Aravind L, Iyer Lakshminarayan M, Koonin Eugene V
National Center for Biotechnology Information, National Library of Medicine, National Institutes of Health, Bethesda, MD 20894, USA.
Curr Opin Struct Biol. 2006 Jun;16(3):409-19. doi: 10.1016/j.sbi.2006.04.006. Epub 2006 May 5.

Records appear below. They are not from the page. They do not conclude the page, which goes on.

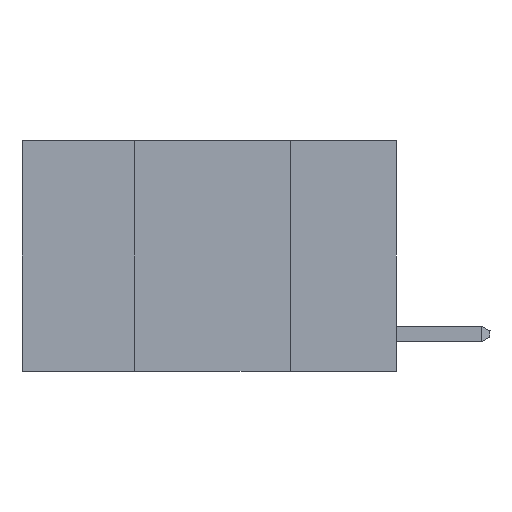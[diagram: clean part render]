
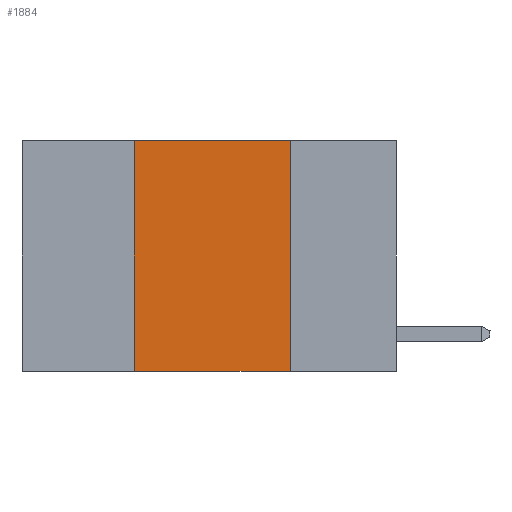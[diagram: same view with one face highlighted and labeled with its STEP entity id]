
A CAD part, left-side view. The second image highlights one B-rep face of the part: STEP entity #1884.
In plain terms, the highlighted planar face has unit normal (-1, 0, 0).
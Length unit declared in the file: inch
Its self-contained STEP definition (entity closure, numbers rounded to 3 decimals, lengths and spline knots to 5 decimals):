
#256 = FACE_OUTER_BOUND ( 'NONE', #1828, .T. ) ;
#729 = LINE ( 'NONE', #4529, #8555 ) ;
#887 = LINE ( 'NONE', #12785, #15133 ) ;
#920 = EDGE_CURVE ( 'NONE', #4064, #8558, #15410, .T. ) ;
#932 = DIRECTION ( 'NONE',  ( 0., 0., 1. ) ) ;
#1187 = CARTESIAN_POINT ( 'NONE',  ( 0., 0.42, 0. ) ) ;
#1622 = CARTESIAN_POINT ( 'NONE',  ( 0., 0.42, -0.37 ) ) ;
#1828 = EDGE_LOOP ( 'NONE', ( #5557, #10583, #12309, #16969 ) ) ;
#1838 = AXIS2_PLACEMENT_3D ( 'NONE', #6899, #9495, #16037 ) ;
#1884 = ADVANCED_FACE ( 'NONE', ( #256 ), #14472, .F. ) ;
#3394 = EDGE_CURVE ( 'NONE', #8558, #10418, #887, .T. ) ;
#3986 = VERTEX_POINT ( 'NONE', #15583 ) ;
#4064 = VERTEX_POINT ( 'NONE', #1622 ) ;
#4529 = CARTESIAN_POINT ( 'NONE',  ( 0., 0.6, -0.37 ) ) ;
#4691 = DIRECTION ( 'NONE',  ( 0., -1., 0. ) ) ;
#5557 = ORIENTED_EDGE ( 'NONE', *, *, #10749, .F. ) ;
#6899 = CARTESIAN_POINT ( 'NONE',  ( 0., 0.6, 0. ) ) ;
#7222 = VECTOR ( 'NONE', #932, 39.37008 ) ;
#7309 = CARTESIAN_POINT ( 'NONE',  ( 0., 0.17, 0. ) ) ;
#8456 = CARTESIAN_POINT ( 'NONE',  ( 0., 0.42, 0. ) ) ;
#8555 = VECTOR ( 'NONE', #9866, 39.37008 ) ;
#8558 = VERTEX_POINT ( 'NONE', #8456 ) ;
#9495 = DIRECTION ( 'NONE',  ( 1., 0., 0. ) ) ;
#9632 = CARTESIAN_POINT ( 'NONE',  ( 0., 0.17, 0. ) ) ;
#9719 = LINE ( 'NONE', #9632, #13649 ) ;
#9866 = DIRECTION ( 'NONE',  ( 0., -1., 0. ) ) ;
#10418 = VERTEX_POINT ( 'NONE', #7309 ) ;
#10583 = ORIENTED_EDGE ( 'NONE', *, *, #3394, .F. ) ;
#10749 = EDGE_CURVE ( 'NONE', #10418, #3986, #9719, .T. ) ;
#12309 = ORIENTED_EDGE ( 'NONE', *, *, #920, .F. ) ;
#12785 = CARTESIAN_POINT ( 'NONE',  ( 0., 0.6, 0. ) ) ;
#13495 = DIRECTION ( 'NONE',  ( 0., 0., -1. ) ) ;
#13649 = VECTOR ( 'NONE', #13495, 39.37008 ) ;
#14472 = PLANE ( 'NONE',  #1838 ) ;
#14686 = EDGE_CURVE ( 'NONE', #4064, #3986, #729, .T. ) ;
#15133 = VECTOR ( 'NONE', #4691, 39.37008 ) ;
#15410 = LINE ( 'NONE', #1187, #7222 ) ;
#15583 = CARTESIAN_POINT ( 'NONE',  ( 0., 0.17, -0.37 ) ) ;
#16037 = DIRECTION ( 'NONE',  ( 0., 0., -1. ) ) ;
#16969 = ORIENTED_EDGE ( 'NONE', *, *, #14686, .T. ) ;

Eukaryotes encode numerous proteins that either have no detectable homologs in prokaryotes or have only distant homologs. These molecular innovations of eukaryotes may be classified into three categories: proteins and domains inherited from prokaryotic precursors without drastic changes in biochemical function, but often recruited for novel roles in eukaryotes; new superfamilies or distinct biochemical functions emerging within pre-existing protein folds; and domains with genuinely new folds, apparently 'invented' at the outset of eukaryotic evolution. Most new folds emerging in eukaryotes are either alpha-helical or stabilized by metal chelation. Comparative genomics analyses point to an early phase of rapid evolution, and dramatic changes between the origin of the eukaryotic cell and the advent of the last common ancestor of extant eukaryotes. Extensive duplication of numerous genes, with subsequent functional diversification, is a distinctive feature of this turbulent era. Evolutionary analysis of ancient eukaryotic proteins is generally compatible with a two-symbiont scenario for eukaryotic origin, involving an alpha-proteobacterium (the ancestor of the mitochondria) and an archaeon, as well as key contributions from their selfish elements.
真核生物编码了许多蛋白质,这些蛋白质在原核生物中要么没有可检测到的同源物,要么只有远缘同源物。真核生物的这些分子创新可分为三类:从原核生物前体继承而来的蛋白质和结构域,其生化功能没有剧烈变化,但通常在真核生物中被赋予了新的功能;在已有的蛋白质折叠中出现的新超家族或独特的生化功能;以及具有全新折叠的结构域,显然是在真核生物进化之初“发明”的。真核生物中出现的大多数新折叠要么是α螺旋结构,要么是通过金属螯合稳定的。比较基因组学分析表明,在真核细胞起源和现存真核生物的最后一个共同祖先出现之间,存在一个快速进化的早期阶段以及巨大变化。众多基因的广泛复制以及随后的功能多样化,是这个动荡时期的一个显著特征。对古代真核生物蛋白质的进化分析总体上与真核生物起源的双共生体假说相符,该假说涉及一种α变形菌(线粒体的祖先)和一个古菌,以及它们自私元件的关键贡献。